Well, if you have been watching the news, the ten "missionaries" have been released by the authorities in Haiti.

I understand wanting to help orphans. I understand wanting to save starving children. I may even bend some laws to do that. But to try to take a bus load of them across a national border without proper documentation is hard to believe.

I think the thing that bothers me the most about the story is the report that some of the children were not orphans, and that the children told the "missionaries" that they were not orphans. Couple this with the "we are just here doing God's work" language that the missionaries were using, and the whole thing starts to hurt.

I hurt for the parents of the children who let their children go in hopes that they would have a better life. I hurt for the entire population of Haiti that lost so much in the earthquake. I hurt for the younger members of the mission team, they look like minors, and they were led into this by adults from their church.

I hurt for the public who reads this story and has an interesting conclusion to make. Either God does not care about immigration laws, and either God isn't always truthful, or these people did not hear from God.

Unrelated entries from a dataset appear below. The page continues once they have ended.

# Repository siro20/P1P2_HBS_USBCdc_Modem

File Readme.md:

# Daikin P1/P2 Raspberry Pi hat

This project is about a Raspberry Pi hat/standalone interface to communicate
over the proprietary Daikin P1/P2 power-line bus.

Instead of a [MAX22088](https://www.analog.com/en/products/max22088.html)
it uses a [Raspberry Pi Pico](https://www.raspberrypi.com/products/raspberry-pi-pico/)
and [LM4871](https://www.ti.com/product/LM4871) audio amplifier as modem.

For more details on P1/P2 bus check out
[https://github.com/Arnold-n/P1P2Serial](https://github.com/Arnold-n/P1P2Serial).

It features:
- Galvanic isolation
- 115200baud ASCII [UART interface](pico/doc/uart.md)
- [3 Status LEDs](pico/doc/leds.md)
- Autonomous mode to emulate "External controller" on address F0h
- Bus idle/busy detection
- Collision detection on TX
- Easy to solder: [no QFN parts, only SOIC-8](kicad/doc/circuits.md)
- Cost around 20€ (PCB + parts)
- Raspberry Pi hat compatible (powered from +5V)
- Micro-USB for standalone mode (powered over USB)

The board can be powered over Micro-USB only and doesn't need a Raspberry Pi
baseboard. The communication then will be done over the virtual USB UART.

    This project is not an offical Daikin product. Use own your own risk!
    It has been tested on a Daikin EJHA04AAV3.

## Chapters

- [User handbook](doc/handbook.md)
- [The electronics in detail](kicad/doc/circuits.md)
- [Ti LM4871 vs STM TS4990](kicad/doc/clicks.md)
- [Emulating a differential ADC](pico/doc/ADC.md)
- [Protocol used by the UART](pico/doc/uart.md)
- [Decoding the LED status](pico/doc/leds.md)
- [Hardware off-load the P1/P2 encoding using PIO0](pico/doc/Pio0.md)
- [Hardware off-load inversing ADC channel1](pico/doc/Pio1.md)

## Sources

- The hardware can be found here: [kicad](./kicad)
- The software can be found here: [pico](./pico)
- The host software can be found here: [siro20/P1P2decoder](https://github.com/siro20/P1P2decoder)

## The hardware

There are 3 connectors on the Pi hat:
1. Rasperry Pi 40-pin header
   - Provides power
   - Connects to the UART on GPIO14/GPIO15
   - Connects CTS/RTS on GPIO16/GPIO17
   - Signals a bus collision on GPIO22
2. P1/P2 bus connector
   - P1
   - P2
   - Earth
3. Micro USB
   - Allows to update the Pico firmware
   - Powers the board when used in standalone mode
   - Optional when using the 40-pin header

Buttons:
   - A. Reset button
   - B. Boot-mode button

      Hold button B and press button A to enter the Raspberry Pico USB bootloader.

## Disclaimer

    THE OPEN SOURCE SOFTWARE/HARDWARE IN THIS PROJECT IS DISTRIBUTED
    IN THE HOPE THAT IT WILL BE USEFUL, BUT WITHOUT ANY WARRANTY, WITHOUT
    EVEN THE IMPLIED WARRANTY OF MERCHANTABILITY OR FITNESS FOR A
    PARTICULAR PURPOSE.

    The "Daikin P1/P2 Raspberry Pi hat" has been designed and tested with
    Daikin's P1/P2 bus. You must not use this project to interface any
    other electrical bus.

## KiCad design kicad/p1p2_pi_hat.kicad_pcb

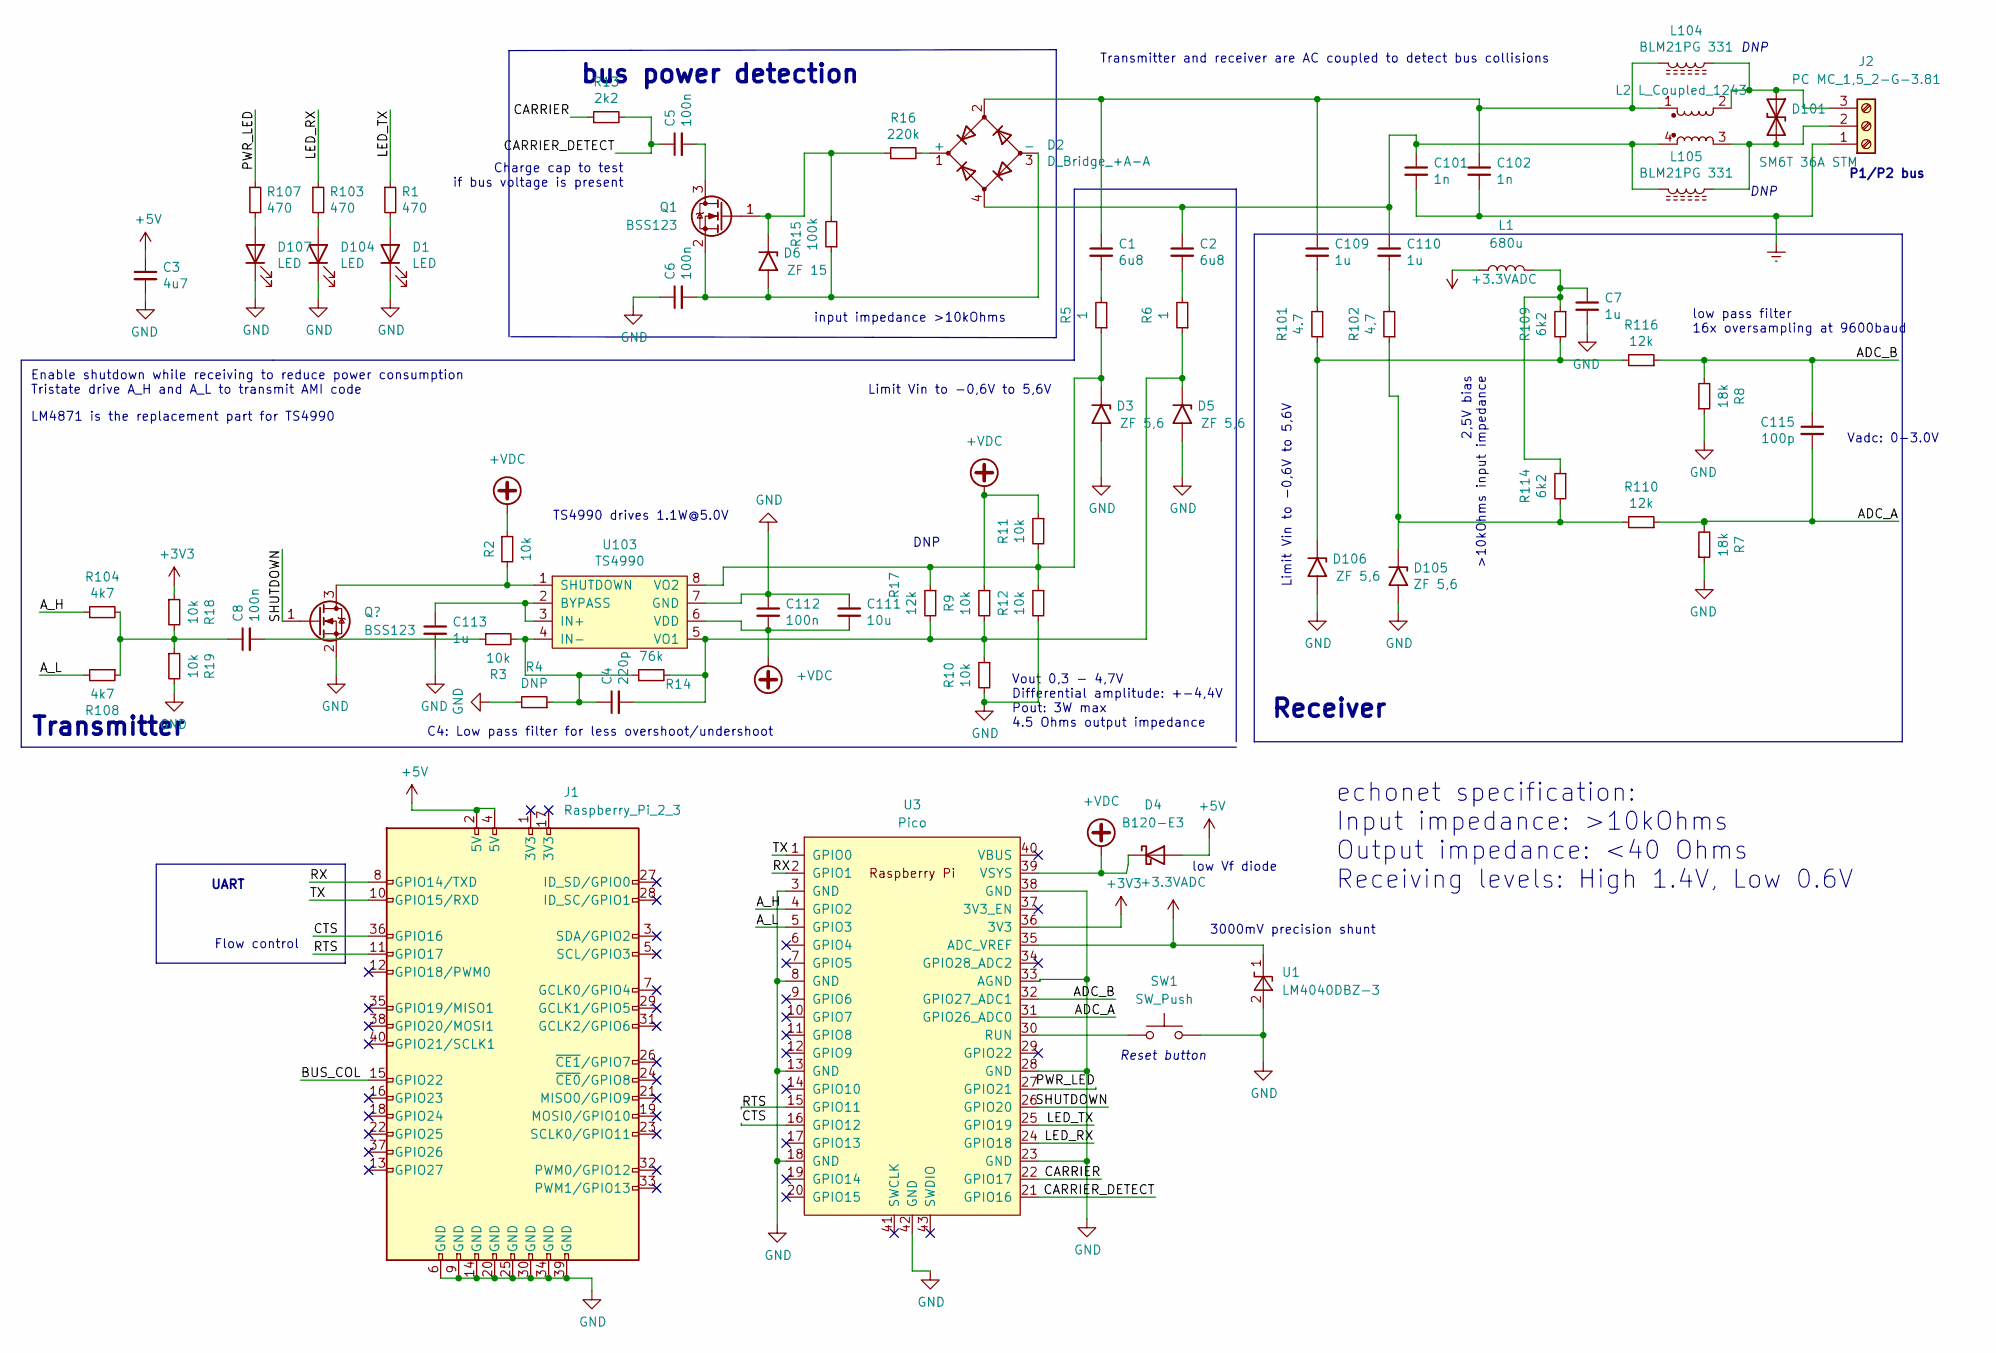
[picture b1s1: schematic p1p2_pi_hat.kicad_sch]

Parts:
C1, C2: 6u8; C_1210_3225Metric_Pad1.33x2.70mm_HandSolder
C3: 4u7; C_1210_3225Metric_Pad1.33x2.70mm_HandSolder
C4: 220p; C_0805_2012Metric_Pad1.18x1.45mm_HandSolder
C5, C6, C8, C112: 100n; C_0805_2012Metric_Pad1.18x1.45mm_HandSolder
C7, C109, C110: 1u; C_1210_3225Metric_Pad1.33x2.70mm_HandSolder
C101, C102: 1n; C_0603_1608Metric_Pad1.08x0.95mm_HandSolder
C111: 10u; C_1210_3225Metric_Pad1.33x2.70mm_HandSolder
C113: 1u; C_0603_1608Metric_Pad1.08x0.95mm_HandSolder
C115: 100p; C_0603_1608Metric_Pad1.08x0.95mm_HandSolder
D1, D104, D107: LED; LED_0805_2012Metric_Pad1.15x1.40mm_HandSolder
D2: D_Bridge_+A-A; Diode_Bridge_Round_D9.0mm
D3, D5, D105, D106: ZF 5,6; D_DO-41_SOD81_P5.08mm_Vertical_AnodeUp
D4: B120-E3; D_SMA
D6: ZF 15; D_DO-41_SOD81_P5.08mm_Vertical_AnodeUp
D101: SM6T 36A STM; D_SMB
J1: Raspberry_Pi_2_3; PinHeader_2x20_P2.54mm_Vertical
J2: PC MC_1,5_2-G-3.81; PhoenixContact_MC_1,5_3-G-3.81_1x03_P3.81mm_Horizontal
L1: 680u; L_1210_3225Metric_Pad1.42x2.65mm_HandSolder
L2: L_Coupled_1243; L_CommonMode_TDK_B82790C0
L104, L105: BLM21PG 331; L_0805_2012Metric_Pad1.15x1.40mm_HandSolder
Q1: BSS123; SOT-23
R1, R103, R107: 470; R_0805_2012Metric_Pad1.20x1.40mm_HandSolder
R2, R3, R9, R10, R11, R12, R18, R19: 10k; R_0805_2012Metric_Pad1.20x1.40mm_HandSolder
R4: DNP; R_0805_2012Metric_Pad1.20x1.40mm_HandSolder
R5, R6: 1; R_0805_2012Metric_Pad1.20x1.40mm_HandSolder
R7, R8: 18k; R_0805_2012Metric_Pad1.20x1.40mm_HandSolder
R13: 2k2; R_0805_2012Metric_Pad1.20x1.40mm_HandSolder
R14: 76k; R_0805_2012Metric_Pad1.20x1.40mm_HandSolder
R15: 100k; R_0805_2012Metric_Pad1.20x1.40mm_HandSolder
R16: 220k; R_0805_2012Metric_Pad1.20x1.40mm_HandSolder
R17, R110, R116: 12k; R_0805_2012Metric_Pad1.20x1.40mm_HandSolder
R101: 4.7; R_0805_2012Metric_Pad1.20x1.40mm_HandSolder
R102: 4,7; R_0805_2012Metric_Pad1.20x1.40mm_HandSolder
R104, R108: 4k7; R_0805_2012Metric_Pad1.20x1.40mm_HandSolder
R109, R114: 6k2; R_0805_2012Metric_Pad1.20x1.40mm_HandSolder
SW1: SW_Push; SW_PUSH_6mm_H5mm
U1: LM4040DBZ-3; SOT-23
U3: Pico; RPi_Pico_SMD_TH
U103: TS4990; SOIC-8_3.9x4.9mm_P1.27mm

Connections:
+3.3VADC: L1.1, U1.1 (K), U3.35 (ADC_VREF)
+3V3: R18.1, U3.36 (3V3)
+5V: C3.1, D4.2 (A), J1.2 (5V), J1.4 (5V)
+VDC: C111.2, C112.2, D4.1 (K), R2.1, R9.1, R11.1, U3.39 (VSYS), U103.6 (VDD)
/ADC_A: C115.2, R7.2, R110.1, U3.31 (GPIO26_ADC0)
/ADC_B: C115.1, R8.2, R116.1, U3.32 (GPIO27_ADC1)
/A_H: R104.1, U3.4 (GPIO2)
/A_L: R108.2, U3.5 (GPIO3)
/BUS_COL: J1.15 (GPIO22)
/CARRIER: R13.1, U3.22 (GPIO17)
/CARRIER_DETECT: C5.1, R13.2, U3.21 (GPIO16)
/CTS: J1.36 (GPIO16), U3.16 (GPIO12)
/LED_RX: R103.1, U3.24 (GPIO18)
/LED_TX: R1.1, U3.25 (GPIO19)
/PWR_LED: R107.1, U3.27 (GPIO21)
/RTS: J1.11 (GPIO17), U3.15 (GPIO11)
/RX: J1.8 (GPIO14/TXD), U3.2 (GPIO1)
/SHUTDOWN: U3.26 (GPIO20); also elsewhere on the board
/TX: J1.10 (GPIO15/RXD), U3.1 (GPIO0)
Earth: C101.2, C102.2, J2.1
GND: C3.2, C6.1, C7.2, C111.1, C112.1, C113.2, D1.1 (K), D3.2 (A2), D5.2 (A2), D104.1 (K), D105.2 (A2), D106.2 (A2), D107.1 (K), J1.6 (GND), J1.9 (GND), J1.14 (GND), J1.20 (GND), J1.25 (GND), J1.30 (GND), J1.34 (GND), J1.39 (GND), R4.2, R7.1, R8.1, R10.2, R12.2, R19.2, SW1.2, U1.2 (A), U3.3 (GND), U3.8 (GND), U3.13 (GND), U3.18 (GND), U3.23 (GND), U3.28 (GND), U3.33 (AGND), U3.38 (GND), U3.42 (GND), U103.7 (GND); also elsewhere on the board
unnamed: C1.1, C102.1, C109.1, D2.2, L2.1, L104.2
unnamed: C1.2, R5.2
unnamed: C2.2, R6.2
unnamed: C4.1, R3.2, R4.1, R14.1, U103.4 (IN-)
unnamed: C4.2, D5.1 (A1), R6.1, R9.2, R10.1, R14.2, R17.2, U103.5 (VO1)
unnamed: C5.2, Q1.3 (D)
unnamed: C6.2, D2.3 (-), D6.2 (A2), Q1.2 (S), R15.1
unnamed: C7.1, L1.2, R109.1, R114.1
unnamed: C8.1, R18.2, R19.1, R104.2, R108.1
unnamed: C8.2, R3.1
unnamed: C2.1, C101.1, C110.1, D2.4, L2.4, L105.2
unnamed: C109.2, R101.2
unnamed: C110.2, R102.2
unnamed: C113.1, U103.2 (BYPASS), U103.3 (IN+)
unnamed: D1.2 (A), R1.2
unnamed: D2.1 (+), R16.2
unnamed: D3.1 (A1), R5.1, R11.2, R12.1, R17.1, U103.8 (VO2)
unnamed: D6.1 (A1), Q1.1 (G), R15.2, R16.1
unnamed: D101.1 (A1), J2.3, L2.2, L104.1
unnamed: D101.2 (A2), J2.2, L2.3, L105.1
unnamed: D104.2 (A), R103.2
unnamed: D105.1 (A1), R102.1, R110.2, R114.2
unnamed: D106.1 (A1), R101.1, R109.2, R116.2
unnamed: D107.2 (A), R107.2
unnamed 45: R2.2, U103.1 (SHUTDOWN); also elsewhere on the board
unnamed: SW1.1, U3.30 (RUN)

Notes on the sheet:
P1/P2 bus
bus power detection
TS4990 drives 1.1W@5.0V
DNP
UART
Transmitter and receiver are AC coupled to detect bus collisions
C4: Low pass filter for less overshoot/undershoot
input impedance >10kOhms
Vout 0,3 - 4,7V Differential amplitude: +-4,4V Pout: 3W max 4.5 Ohms output impedance
low Vf diode
low pass filter 16x oversampling at 9600baud
Reset button
Flow control
Limit Vin to -0,6V to 5,6V
Transmitter
echonet specification: Input impedance: >10kOhms Output impedance: <40 Ohms Receiving levels: High 1.4V, Low 0.6V
Charge cap to test if bus voltage is present
3000mV precision shunt
2,5V bias >10kOhms input impedance
Enable shutdown while receiving to reduce power consumption Tristate drive A_H and A_L to transmit AMI code
Vadc: 0-3.0V
LM4871 is the replacement part for TS4990
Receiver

I guess one of the morals of this story is that we need to be very careful when we say, "God spoke to me" or "God is leading me." It is very easy for us to get our human selves in the way, and as soon as that happens, God ends up looking a little foolish.

Like if a person says, "God gave me this wonderful house." [the payment is really high and we can't afford to do other things that we should be doing, but God gave me this house.] What about the people that God didn't give a house to? What are we really saying?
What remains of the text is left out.